Add the tomatoes, salt and sugar to the pan. Rinse out the tomato tin with a small splash of water and also add to the pan. Bring to the boil, then reduce the heat to medium and simmer for around 20 minutes, until the sauce is thick and no longer watery (it should look chunky with onion or leek).
While the sauce is cooking, put the couscous in a medium bowl and pour over 1 cup of boiling water. Quickly stir (the couscous will almost instantly absorb the water), then scrape down the sides of the bowl and put an upturned plate on top as a lid. Set aside.
When you are happy with the tomato sauce, turn off the heat and add the butter and plenty of black pepper. Stir until the butter has melted. Use a metal spoon to scrape the couscous into the pan, separating the grains. Stir the couscous into the tomato sauce until well combined. Flatten the surface of the couscous without compacting it down too much. Cover with a lid and return to low heat. Cook for about 10 minutes, or until there is lots of steam when you lift the lid. Allow to sit for 10 minutes before serving. There should be a gentle crust on the bottom of the pan.
Serves 6–8
Pan-fried kale, carrot and celery with FEnnel and currants
This Sicilian-style salad was concocted while on our holiday to Flinders Island, starting with a bunch of locally grown kale. I served it with tomato couscous and some abalone we caught (sliced finely, sauteed with garlic and finished with a squeeze of lemon). I’m sure this combination will never be repeated! But the salad is wonderful with many things and can be eaten hot or cold. The carrot and celery element is part soft, part crunchy with a beautiful nip of vinegar, and the red onion is just briefly cooked so it stays vibrant.
3 tablespoons extra-virgin olive oil
2 large celery stalks, sliced
1 large carrot, finely sliced
2 garlic cloves, finely sliced
1½ tablespoons red-wine or sherry vinegar
salt
1 bunch kale (any variety)
½ red onion, finely sliced
1 teaspoon fennel seeds
2 tablespoons currants
Heat a frying pan over medium heat and add half of the oil, plus the celery, carrot and garlic. Saute for 5 minutes, then tip into a salad bowl and mix in the vinegar and ½ teaspoon of salt.

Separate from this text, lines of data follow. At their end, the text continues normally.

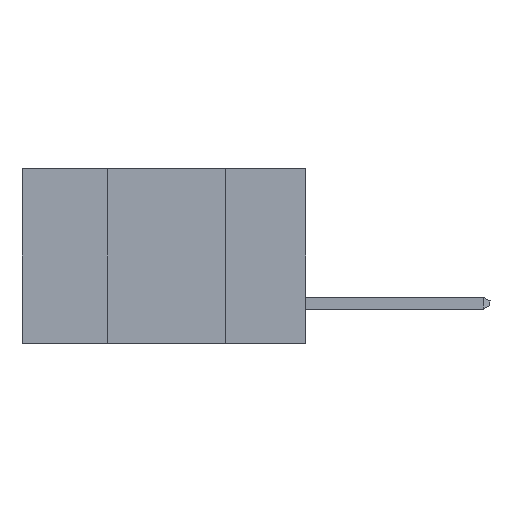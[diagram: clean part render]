
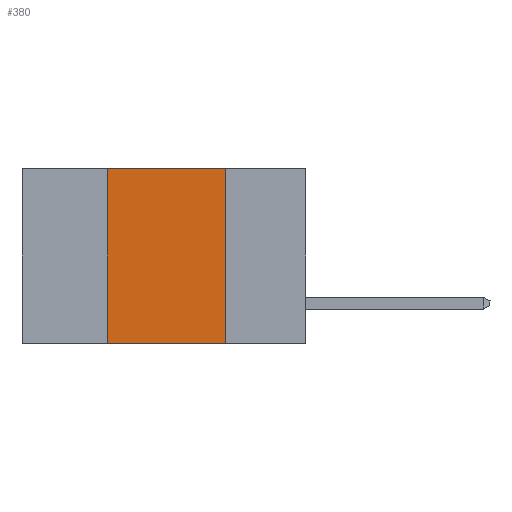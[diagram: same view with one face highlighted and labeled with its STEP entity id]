
A CAD part, left-side view. The second image highlights one B-rep face of the part: STEP entity #380.
In plain terms, the highlighted planar face has unit normal (-1, 0, 0).
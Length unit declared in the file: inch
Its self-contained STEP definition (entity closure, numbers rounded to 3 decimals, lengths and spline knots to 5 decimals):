
#60 = EDGE_LOOP ( 'NONE', ( #5931, #14650, #10827, #14016 ) ) ;
#380 = ADVANCED_FACE ( 'NONE', ( #4554 ), #8325, .F. ) ;
#771 = EDGE_CURVE ( 'NONE', #11678, #6938, #6595, .T. ) ;
#1671 = DIRECTION ( 'NONE',  ( 0., -1., 0. ) ) ;
#2271 = DIRECTION ( 'NONE',  ( 0., -1., 0. ) ) ;
#2495 = EDGE_CURVE ( 'NONE', #8354, #11678, #5177, .T. ) ;
#2605 = CARTESIAN_POINT ( 'NONE',  ( 0., 0.6, 0. ) ) ;
#3304 = LINE ( 'NONE', #3466, #9718 ) ;
#3466 = CARTESIAN_POINT ( 'NONE',  ( 0., 0.42, -0.37 ) ) ;
#4554 = FACE_OUTER_BOUND ( 'NONE', #60, .T. ) ;
#5177 = LINE ( 'NONE', #2605, #11766 ) ;
#5626 = CARTESIAN_POINT ( 'NONE',  ( 0., 0.42, -0.37 ) ) ;
#5931 = ORIENTED_EDGE ( 'NONE', *, *, #771, .F. ) ;
#6094 = LINE ( 'NONE', #8217, #9256 ) ;
#6595 = LINE ( 'NONE', #10203, #14183 ) ;
#6938 = VERTEX_POINT ( 'NONE', #8489 ) ;
#8171 = DIRECTION ( 'NONE',  ( 0., 0., 1. ) ) ;
#8217 = CARTESIAN_POINT ( 'NONE',  ( 0., 0.6, -0.37 ) ) ;
#8325 = PLANE ( 'NONE',  #10686 ) ;
#8354 = VERTEX_POINT ( 'NONE', #15215 ) ;
#8489 = CARTESIAN_POINT ( 'NONE',  ( 0., 0.17, -0.37 ) ) ;
#9256 = VECTOR ( 'NONE', #2271, 39.37008 ) ;
#9366 = CARTESIAN_POINT ( 'NONE',  ( 0., 0.6, 0. ) ) ;
#9718 = VECTOR ( 'NONE', #8171, 39.37008 ) ;
#10203 = CARTESIAN_POINT ( 'NONE',  ( 0., 0.17, -0.37 ) ) ;
#10682 = DIRECTION ( 'NONE',  ( 0., 0., -1. ) ) ;
#10686 = AXIS2_PLACEMENT_3D ( 'NONE', #9366, #12861, #10682 ) ;
#10827 = ORIENTED_EDGE ( 'NONE', *, *, #11284, .F. ) ;
#11284 = EDGE_CURVE ( 'NONE', #11973, #8354, #3304, .T. ) ;
#11678 = VERTEX_POINT ( 'NONE', #14186 ) ;
#11766 = VECTOR ( 'NONE', #1671, 39.37008 ) ;
#11973 = VERTEX_POINT ( 'NONE', #5626 ) ;
#12861 = DIRECTION ( 'NONE',  ( 1., 0., 0. ) ) ;
#13787 = DIRECTION ( 'NONE',  ( 0., 0., -1. ) ) ;
#14016 = ORIENTED_EDGE ( 'NONE', *, *, #14677, .T. ) ;
#14183 = VECTOR ( 'NONE', #13787, 39.37008 ) ;
#14186 = CARTESIAN_POINT ( 'NONE',  ( 0., 0.17, 0. ) ) ;
#14650 = ORIENTED_EDGE ( 'NONE', *, *, #2495, .F. ) ;
#14677 = EDGE_CURVE ( 'NONE', #11973, #6938, #6094, .T. ) ;
#15215 = CARTESIAN_POINT ( 'NONE',  ( 0., 0.42, 0. ) ) ;

Wash the kale and remove the tough lower stems of each leaf (you can either use a knife or your hand, depending what variety of kale you have. With Tuscan kale or cavolo nero, you have to cut out the stems, but for some curly varieties, you can just run your fingers down the stem to detatch the leaves). Roll the leaves up in a bundle and slice.
Reheat the frying pan and add the remaining oil. Add the kale and saute for a few minutes until wilted. Add the onion, fennel seeds, currants and ½ teaspoon of salt and keep cooking until the onion is still brightly coloured but just softened, entangled with the kale. Scrape into the bowl with the carrot and celery. Stir and adjust the seasoning as desired. Serve either hot or cold.